Stored dataset items
•••
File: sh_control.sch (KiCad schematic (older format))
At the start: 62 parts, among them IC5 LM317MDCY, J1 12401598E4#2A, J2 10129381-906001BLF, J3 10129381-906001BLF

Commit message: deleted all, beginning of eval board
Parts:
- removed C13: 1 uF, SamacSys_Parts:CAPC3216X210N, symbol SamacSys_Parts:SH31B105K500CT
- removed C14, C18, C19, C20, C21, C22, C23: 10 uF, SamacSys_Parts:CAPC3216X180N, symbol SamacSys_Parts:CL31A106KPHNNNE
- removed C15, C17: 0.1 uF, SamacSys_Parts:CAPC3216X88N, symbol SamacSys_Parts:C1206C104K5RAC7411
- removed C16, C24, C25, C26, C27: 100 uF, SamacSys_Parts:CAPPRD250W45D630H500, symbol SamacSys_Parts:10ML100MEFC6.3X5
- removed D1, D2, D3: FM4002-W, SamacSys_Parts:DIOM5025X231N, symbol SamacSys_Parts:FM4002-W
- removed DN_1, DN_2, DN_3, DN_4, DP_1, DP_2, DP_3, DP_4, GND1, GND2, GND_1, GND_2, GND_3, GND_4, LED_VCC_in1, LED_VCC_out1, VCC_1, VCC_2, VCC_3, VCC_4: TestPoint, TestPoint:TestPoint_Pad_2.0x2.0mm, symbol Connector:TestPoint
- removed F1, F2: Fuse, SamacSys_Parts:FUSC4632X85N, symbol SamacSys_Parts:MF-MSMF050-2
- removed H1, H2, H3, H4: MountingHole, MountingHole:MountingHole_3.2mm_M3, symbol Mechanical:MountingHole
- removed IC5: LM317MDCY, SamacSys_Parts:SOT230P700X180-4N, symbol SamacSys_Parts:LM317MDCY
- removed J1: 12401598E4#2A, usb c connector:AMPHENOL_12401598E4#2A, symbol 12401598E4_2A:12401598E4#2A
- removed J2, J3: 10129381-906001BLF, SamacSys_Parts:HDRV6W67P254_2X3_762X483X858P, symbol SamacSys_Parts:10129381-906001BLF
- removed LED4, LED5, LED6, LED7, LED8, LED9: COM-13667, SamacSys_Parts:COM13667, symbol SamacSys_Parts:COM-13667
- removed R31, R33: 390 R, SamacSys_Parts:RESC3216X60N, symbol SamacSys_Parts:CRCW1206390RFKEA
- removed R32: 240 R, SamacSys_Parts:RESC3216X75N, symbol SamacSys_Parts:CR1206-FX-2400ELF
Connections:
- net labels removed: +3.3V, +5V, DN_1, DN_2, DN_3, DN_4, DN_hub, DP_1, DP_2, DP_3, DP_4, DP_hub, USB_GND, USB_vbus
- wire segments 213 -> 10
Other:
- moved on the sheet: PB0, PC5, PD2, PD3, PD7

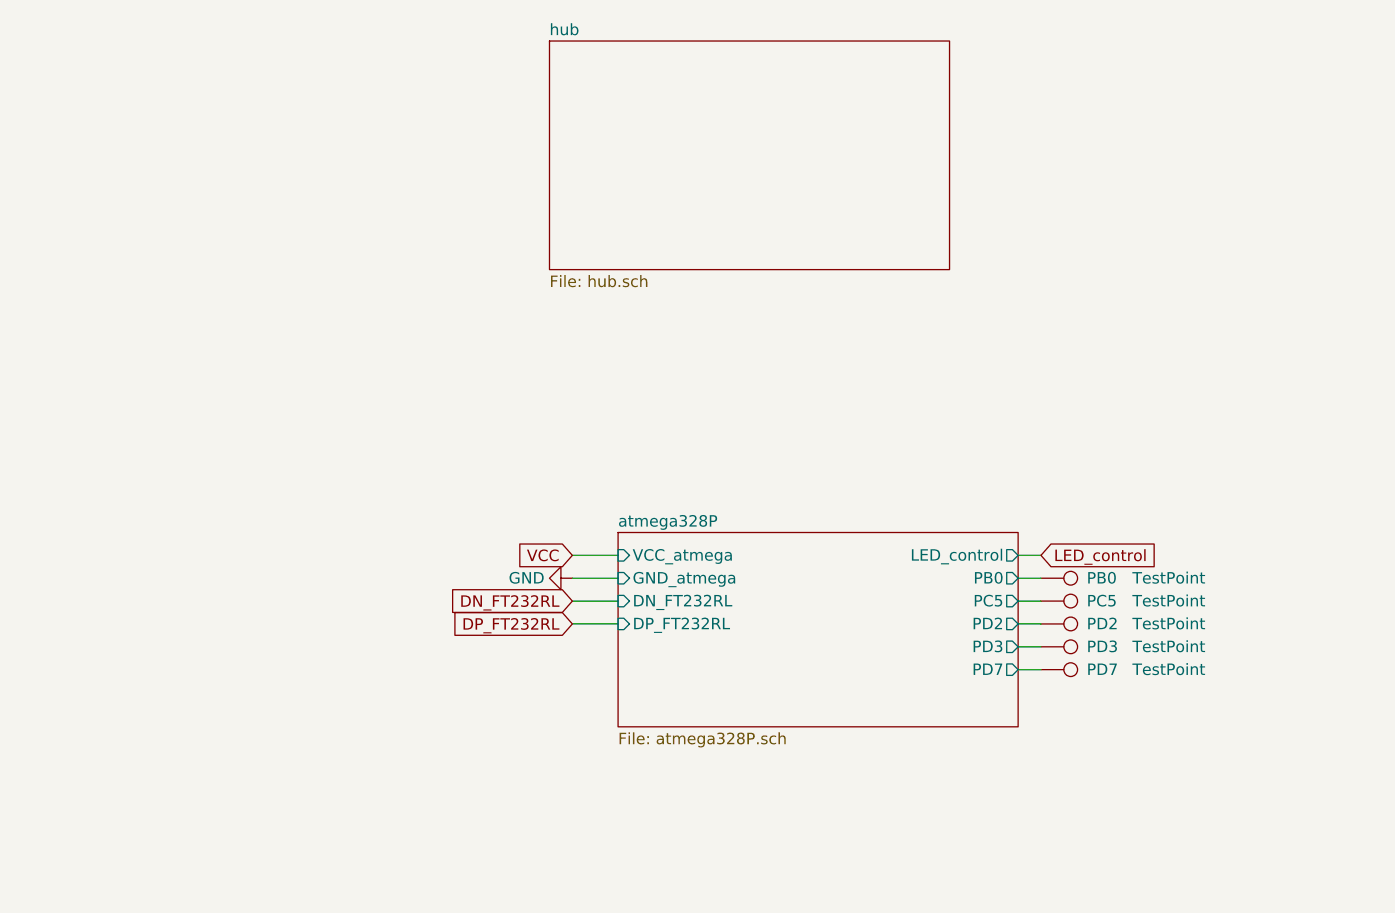
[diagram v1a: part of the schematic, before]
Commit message: hub schematic finished
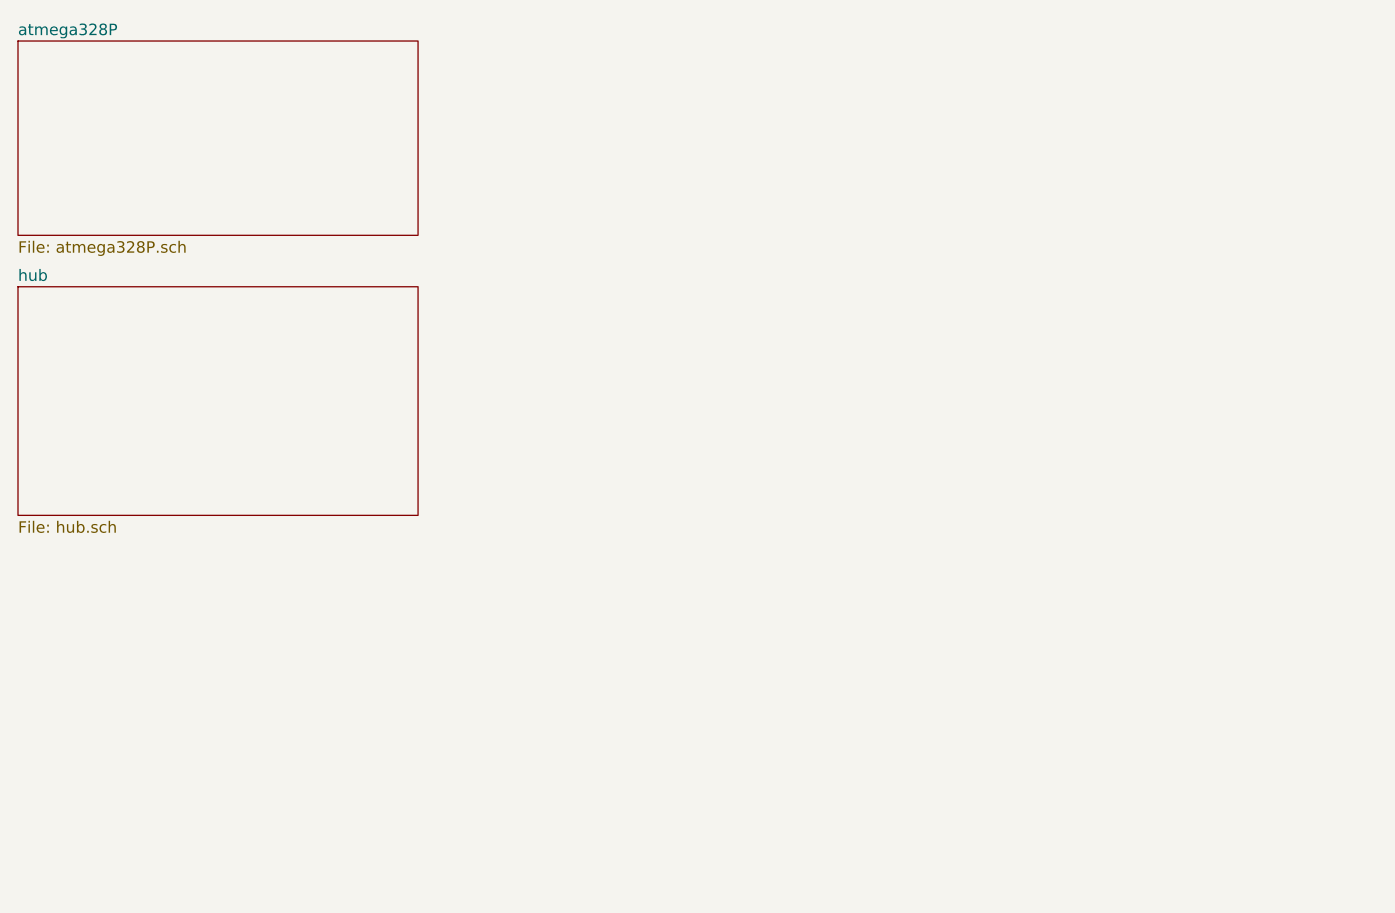
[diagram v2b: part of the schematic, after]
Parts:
- removed PB0, PC5, PD2, PD3, PD7: TestPoint, TestPoint:TestPoint_Pad_2.0x2.0mm, symbol Connector:TestPoint
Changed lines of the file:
@@
 $EndDescr
 $Sheet
-S 3250 2850 1750 850
+S 625  700  1750 850
 U 60A55B56
 F0 "atmega328P" 50
 F1 "atmega328P.sch" 50
-F2 "VCC_atmega" I L 3250 2950 50
-F3 "GND_atmega" I L 3250 3050 50
-F4 "LED_control" O R 5000 2950 50
-F5 "PB0" O R 5000 3050 50
-F6 "PC5" O R 5000 3150 50
-F7 "PD7" O R 5000 3450 50
-F8 "PD3" O R 5000 3350 50
-F9 "PD2" O R 5000 3250 50
-F10 "DN_FT232RL" I L 3250 3150 50
-F11 "DP_FT232RL" I L 3250 3250 50
 $EndSheet
-Text GLabel 5100 2950 2    50   Input ~ 0
-LED_control
-Wire Wire Line
-	5000 2950 5100 2950
 $Comp
 L power:GND #PWR0139
@@
 	1    0    0    -1
 $EndComp
-Text GLabel 3050 3150 0    50   Input ~ 0
-DN_FT232RL
-Text GLabel 3050 3250 0    50   Input ~ 0
-DP_FT232RL
-Wire Wire Line
-	3050 3150 3250 3150
-Wire Wire Line
-	3050 3250 3250 3250
-$Comp
-L power:GND #PWR0148
-U 1 1 6076ABFB
-P 3050 3050
-F 0 "#PWR0148" H 3050 2800 50  0001 C CNN
-F 1 "GND" V 3050 2850 50  0000 C CNN
-F 2 "" H 3050 3050 50  0001 C CNN
-F 3 "" H 3050 3050 50  0001 C CNN
-	1    3050 3050
-	0    1    1    0
-$EndComp
-Wire Wire Line
-	3050 3050 3250 3050
-Text GLabel 3050 2950 0    50   Input ~ 0
-VCC
-Wire Wire Line
-	3050 2950 3250 2950
-$Comp
-L Connector:TestPoint PB0
-U 1 1 60793E9F
-P 5100 3050
-F 0 "PB0" V 5100 3250 50  0000 L CNN
-F 1 "TestPoint" V 5100 3450 50  0000 L CNN
-F 2 "TestPoint:TestPoint_Pad_2.0x2.0mm" H 5300 3050 50  0001 C CNN
-F 3 "~" H 5300 3050 50  0001 C CNN
-	1    5100 3050
-	0    1    1    0
-$EndComp
-$Comp
-L Connector:TestPoint PC5
-U 1 1 607EDBC8
-P 5100 3150
-F 0 "PC5" V 5100 3350 50  0000 L CNN
-F 1 "TestPoint" V 5100 3550 50  0000 L CNN
-F 2 "TestPoint:TestPoint_Pad_2.0x2.0mm" H 5300 3150 50  0001 C CNN
-F 3 "~" H 5300 3150 50  0001 C CNN
-	1    5100 3150
-	0    1    1    0
-$EndComp
-$Comp
-L Connector:TestPoint PD2
-U 1 1 607F7B9C
-P 5100 3250
-F 0 "PD2" V 5100 3450 50  0000 L CNN
-F 1 "TestPoint" V 5100 3650 50  0000 L CNN
-F 2 "TestPoint:TestPoint_Pad_2.0x2.0mm" H 5300 3250 50  0001 C CNN
-F 3 "~" H 5300 3250 50  0001 C CNN
-	1    5100 3250
-	0    1    1    0
-$EndComp
-$Comp
-L Connector:TestPoint PD3
-U 1 1 608018E8
-P 5100 3350
-F 0 "PD3" V 5100 3550 50  0000 L CNN
-F 1 "TestPoint" V 5100 3750 50  0000 L CNN
-F 2 "TestPoint:TestPoint_Pad_2.0x2.0mm" H 5300 3350 50  0001 C CNN
-F 3 "~" H 5300 3350 50  0001 C CNN
-	1    5100 3350
-	0    1    1    0
-$EndComp
-$Comp
-L Connector:TestPoint PD7
-U 1 1 6080B6FE
-P 5100 3450
-F 0 "PD7" V 5100 3650 50  0000 L CNN
-F 1 "TestPoint" V 5100 3850 50  0000 L CNN
-F 2 "TestPoint:TestPoint_Pad_2.0x2.0mm" H 5300 3450 50  0001 C CNN
-F 3 "~" H 5300 3450 50  0001 C CNN
-	1    5100 3450
-	0    1    1    0
-$EndComp
-Wire Wire Line
-	5000 3050 5100 3050
-Wire Wire Line
-	5000 3150 5100 3150
-Wire Wire Line
-	5100 3250 5000 3250
-Wire Wire Line
-	5000 3350 5100 3350
-Wire Wire Line
-	5100 3450 5000 3450
 $Sheet
-S 2950 700  1750 1000
+S 625  1775 1750 1000
 U 606F0FFF
 F0 "hub" 50

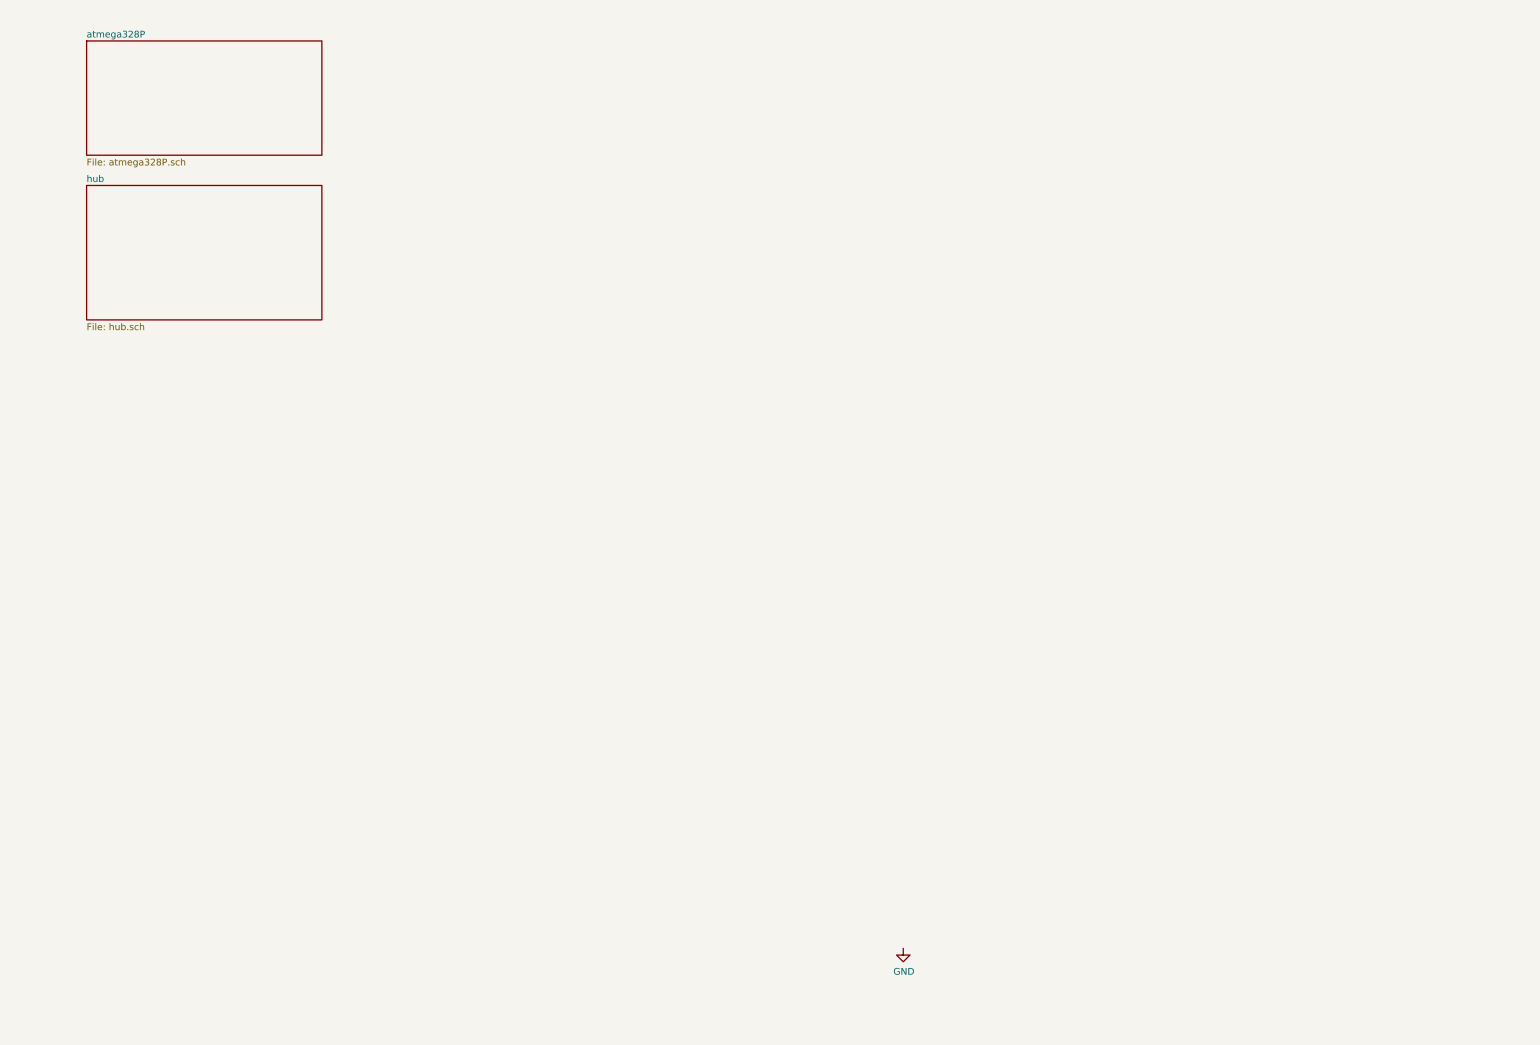
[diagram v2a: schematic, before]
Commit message: split in two boards from now on
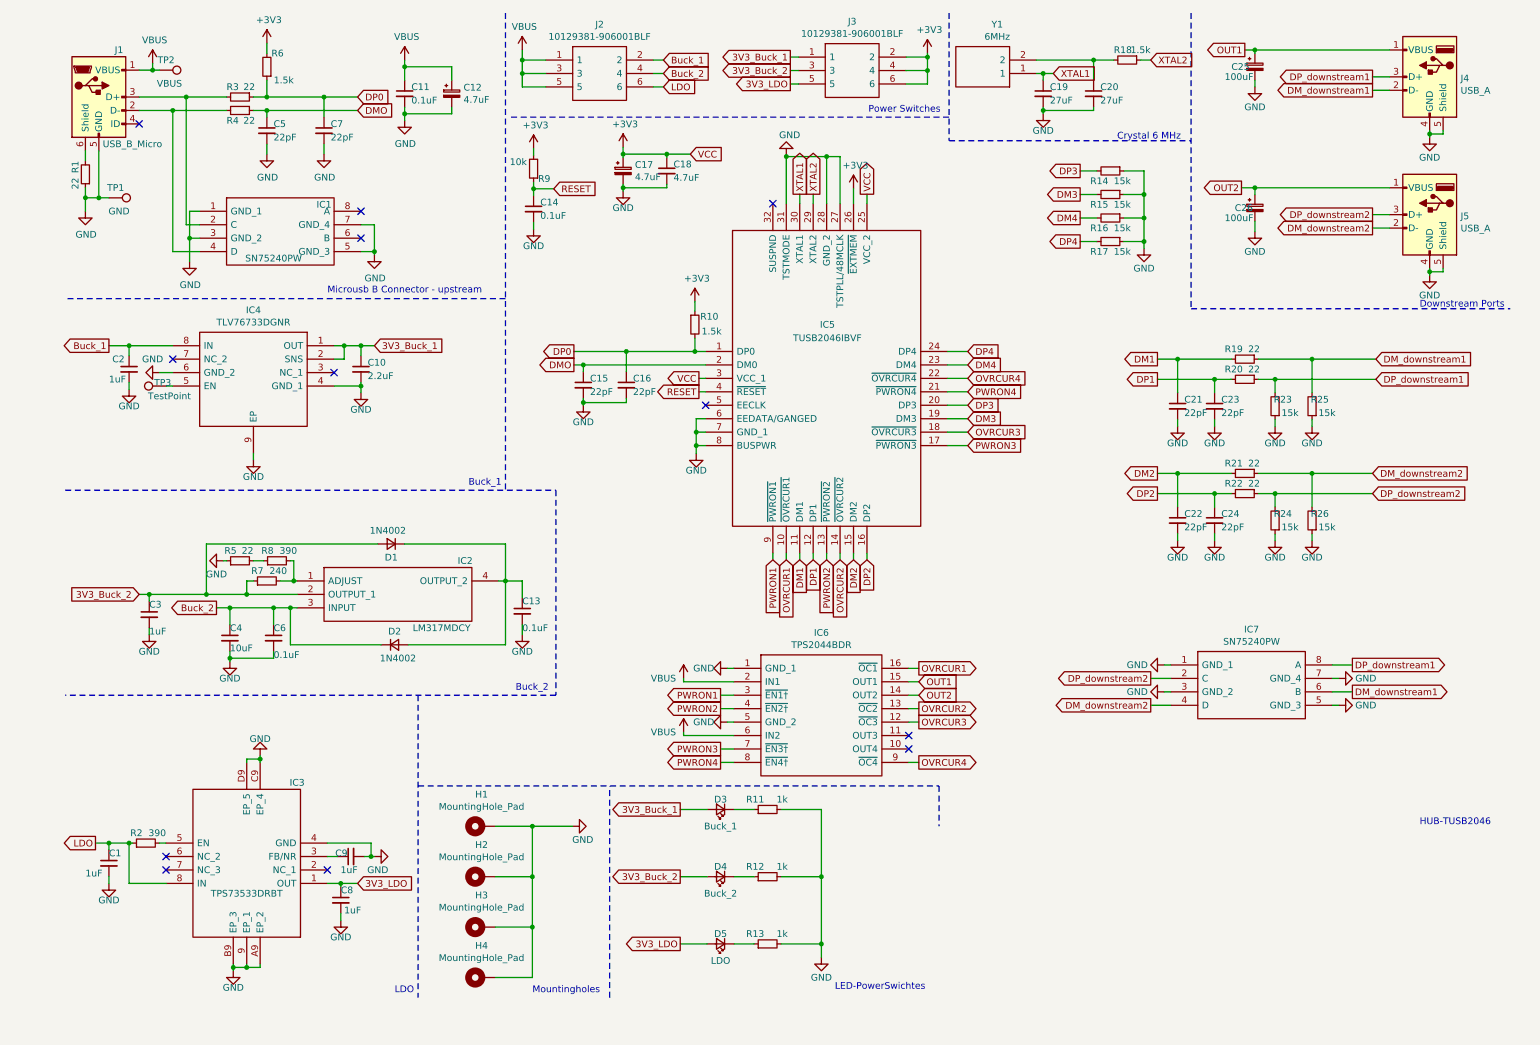
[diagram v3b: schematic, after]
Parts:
- added C1, C2, C3, C8, C9: 1uF, storage:C_1uF, symbol Device:C_Small
- added C10: 2.2uF, storage:C_2.2F, symbol Device:C_Small
- added C11, C13, C14, C6: 0.1uF, storage:C_0.1uF, symbol Device:C_Small
- added C12, C17: 4.7uF, storage:C_4.7uF, symbol Device:CP_Small
- added C15, C16, C21, C22, C23, C24, C5, C7: 22pF, storage:C_22pF, symbol Device:C_Small
- added C18: 4.7uF, storage:C_4.7uF, symbol Device:C_Small
- added C19, C20: 27uF, storage:C_27pF, symbol Device:C_Small
- added C25, C26: 100uF, storage:C_100uF, symbol Device:CP_Small
- added C4: 10uF, storage:C_10uF, symbol Device:C_Small
- added D1, D2: 1N4002, storage:D_1N4002, symbol Device:D_Small
- added D3: Buck_1, SamacSys_Parts:LEDC3214X78N, symbol Device:LED_Small
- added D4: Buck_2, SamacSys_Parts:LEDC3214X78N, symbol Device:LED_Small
•••
EXERCISE GOAL: Give back exactly the lines above, from the line containing "-L power:GND #PWR0148" through the line containing "V 5100 3750", with both end lines and nothing more.

RESPONSE AREA:
-L power:GND #PWR0148
-U 1 1 6076ABFB
-P 3050 3050
-F 0 "#PWR0148" H 3050 2800 50  0001 C CNN
-F 1 "GND" V 3050 2850 50  0000 C CNN
-F 2 "" H 3050 3050 50  0001 C CNN
-F 3 "" H 3050 3050 50  0001 C CNN
-	1    3050 3050
-	0    1    1    0
-$EndComp
-Wire Wire Line
-	3050 3050 3250 3050
-Text GLabel 3050 2950 0    50   Input ~ 0
-VCC
-Wire Wire Line
-	3050 2950 3250 2950
-$Comp
-L Connector:TestPoint PB0
-U 1 1 60793E9F
-P 5100 3050
-F 0 "PB0" V 5100 3250 50  0000 L CNN
-F 1 "TestPoint" V 5100 3450 50  0000 L CNN
-F 2 "TestPoint:TestPoint_Pad_2.0x2.0mm" H 5300 3050 50  0001 C CNN
-F 3 "~" H 5300 3050 50  0001 C CNN
-	1    5100 3050
-	0    1    1    0
-$EndComp
-$Comp
-L Connector:TestPoint PC5
-U 1 1 607EDBC8
-P 5100 3150
-F 0 "PC5" V 5100 3350 50  0000 L CNN
-F 1 "TestPoint" V 5100 3550 50  0000 L CNN
-F 2 "TestPoint:TestPoint_Pad_2.0x2.0mm" H 5300 3150 50  0001 C CNN
-F 3 "~" H 5300 3150 50  0001 C CNN
-	1    5100 3150
-	0    1    1    0
-$EndComp
-$Comp
-L Connector:TestPoint PD2
-U 1 1 607F7B9C
-P 5100 3250
-F 0 "PD2" V 5100 3450 50  0000 L CNN
-F 1 "TestPoint" V 5100 3650 50  0000 L CNN
-F 2 "TestPoint:TestPoint_Pad_2.0x2.0mm" H 5300 3250 50  0001 C CNN
-F 3 "~" H 5300 3250 50  0001 C CNN
-	1    5100 3250
-	0    1    1    0
-$EndComp
-$Comp
-L Connector:TestPoint PD3
-U 1 1 608018E8
-P 5100 3350
-F 0 "PD3" V 5100 3550 50  0000 L CNN
-F 1 "TestPoint" V 5100 3750 50  0000 L CNN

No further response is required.